■ Task statement ■
In the data below, one line contains "#3942 = EDGE_CURVE" and a later one contains "#8749 = LINE ( 'NONE', #7837, #13830 ) ;". Print both, with every line between them, exactly and alone.

[Collected data entries]
+===+

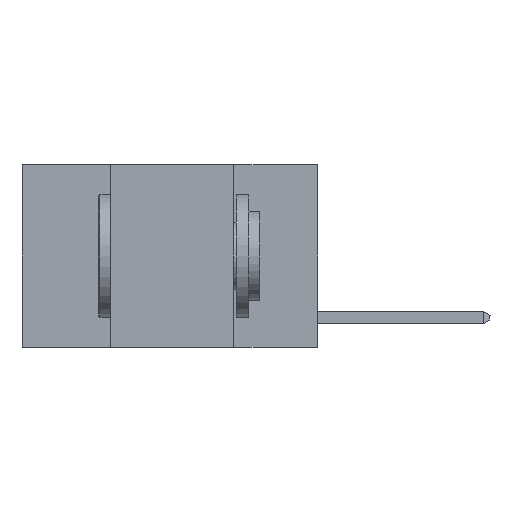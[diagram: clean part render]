
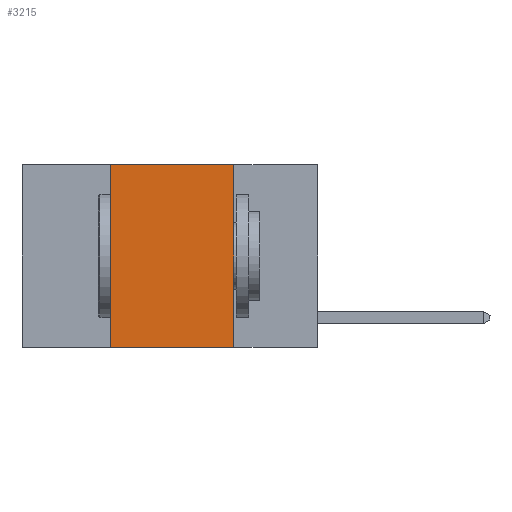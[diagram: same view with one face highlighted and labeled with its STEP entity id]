
A CAD part, left-side view. The second image highlights one B-rep face of the part: STEP entity #3215.
In plain terms, the highlighted planar face has unit normal (-1, 0, 0).
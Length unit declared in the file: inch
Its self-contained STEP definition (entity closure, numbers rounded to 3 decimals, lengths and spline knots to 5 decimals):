
#1300 = AXIS2_PLACEMENT_3D ( 'NONE', #11079, #12957, #4673 ) ;
#1362 = VECTOR ( 'NONE', #6476, 39.37008 ) ;
#1821 = LINE ( 'NONE', #11568, #13156 ) ;
#1904 = EDGE_CURVE ( 'NONE', #4923, #6918, #1821, .T. ) ;
#1920 = VECTOR ( 'NONE', #7023, 39.37008 ) ;
#2599 = ORIENTED_EDGE ( 'NONE', *, *, #3942, .F. ) ;
#2630 = EDGE_LOOP ( 'NONE', ( #2599, #8502, #9923, #3590 ) ) ;
#3215 = ADVANCED_FACE ( 'NONE', ( #7631 ), #13440, .F. ) ;
#3590 = ORIENTED_EDGE ( 'NONE', *, *, #4022, .T. ) ;
#3942 = EDGE_CURVE ( 'NONE', #6918, #5303, #8749, .T. ) ;
#3967 = EDGE_CURVE ( 'NONE', #13436, #4923, #13228, .T. ) ;
#4022 = EDGE_CURVE ( 'NONE', #13436, #5303, #10540, .T. ) ;
#4673 = DIRECTION ( 'NONE',  ( 0., 0., -1. ) ) ;
#4923 = VERTEX_POINT ( 'NONE', #9545 ) ;
#5303 = VERTEX_POINT ( 'NONE', #14250 ) ;
#6405 = CARTESIAN_POINT ( 'NONE',  ( 0., 0.6, -0.37 ) ) ;
#6476 = DIRECTION ( 'NONE',  ( 0., -1., 0. ) ) ;
#6918 = VERTEX_POINT ( 'NONE', #11992 ) ;
#7023 = DIRECTION ( 'NONE',  ( 0., 0., 1. ) ) ;
#7090 = CARTESIAN_POINT ( 'NONE',  ( 0., 0.42, 0. ) ) ;
#7631 = FACE_OUTER_BOUND ( 'NONE', #2630, .T. ) ;
#7785 = DIRECTION ( 'NONE',  ( 0., 0., -1. ) ) ;
#7837 = CARTESIAN_POINT ( 'NONE',  ( 0., 0.17, 0. ) ) ;
#8069 = CARTESIAN_POINT ( 'NONE',  ( 0., 0.42, -0.37 ) ) ;
#8502 = ORIENTED_EDGE ( 'NONE', *, *, #1904, .F. ) ;
#8749 = LINE ( 'NONE', #7837, #13830 ) ;
#9545 = CARTESIAN_POINT ( 'NONE',  ( 0., 0.42, 0. ) ) ;
#9923 = ORIENTED_EDGE ( 'NONE', *, *, #3967, .F. ) ;
#10540 = LINE ( 'NONE', #6405, #1362 ) ;
#11079 = CARTESIAN_POINT ( 'NONE',  ( 0., 0.6, 0. ) ) ;
#11244 = DIRECTION ( 'NONE',  ( 0., -1., 0. ) ) ;
#11568 = CARTESIAN_POINT ( 'NONE',  ( 0., 0.6, 0. ) ) ;
#11992 = CARTESIAN_POINT ( 'NONE',  ( 0., 0.17, 0. ) ) ;
#12957 = DIRECTION ( 'NONE',  ( 1., 0., 0. ) ) ;
#13156 = VECTOR ( 'NONE', #11244, 39.37008 ) ;
#13228 = LINE ( 'NONE', #7090, #1920 ) ;
#13436 = VERTEX_POINT ( 'NONE', #8069 ) ;
#13440 = PLANE ( 'NONE',  #1300 ) ;
#13830 = VECTOR ( 'NONE', #7785, 39.37008 ) ;
#14250 = CARTESIAN_POINT ( 'NONE',  ( 0., 0.17, -0.37 ) ) ;

+===+

■ Answer to the exercise ■
#3942 = EDGE_CURVE ( 'NONE', #6918, #5303, #8749, .T. ) ;
#3967 = EDGE_CURVE ( 'NONE', #13436, #4923, #13228, .T. ) ;
#4022 = EDGE_CURVE ( 'NONE', #13436, #5303, #10540, .T. ) ;
#4673 = DIRECTION ( 'NONE',  ( 0., 0., -1. ) ) ;
#4923 = VERTEX_POINT ( 'NONE', #9545 ) ;
#5303 = VERTEX_POINT ( 'NONE', #14250 ) ;
#6405 = CARTESIAN_POINT ( 'NONE',  ( 0., 0.6, -0.37 ) ) ;
#6476 = DIRECTION ( 'NONE',  ( 0., -1., 0. ) ) ;
#6918 = VERTEX_POINT ( 'NONE', #11992 ) ;
#7023 = DIRECTION ( 'NONE',  ( 0., 0., 1. ) ) ;
#7090 = CARTESIAN_POINT ( 'NONE',  ( 0., 0.42, 0. ) ) ;
#7631 = FACE_OUTER_BOUND ( 'NONE', #2630, .T. ) ;
#7785 = DIRECTION ( 'NONE',  ( 0., 0., -1. ) ) ;
#7837 = CARTESIAN_POINT ( 'NONE',  ( 0., 0.17, 0. ) ) ;
#8069 = CARTESIAN_POINT ( 'NONE',  ( 0., 0.42, -0.37 ) ) ;
#8502 = ORIENTED_EDGE ( 'NONE', *, *, #1904, .F. ) ;
#8749 = LINE ( 'NONE', #7837, #13830 ) ;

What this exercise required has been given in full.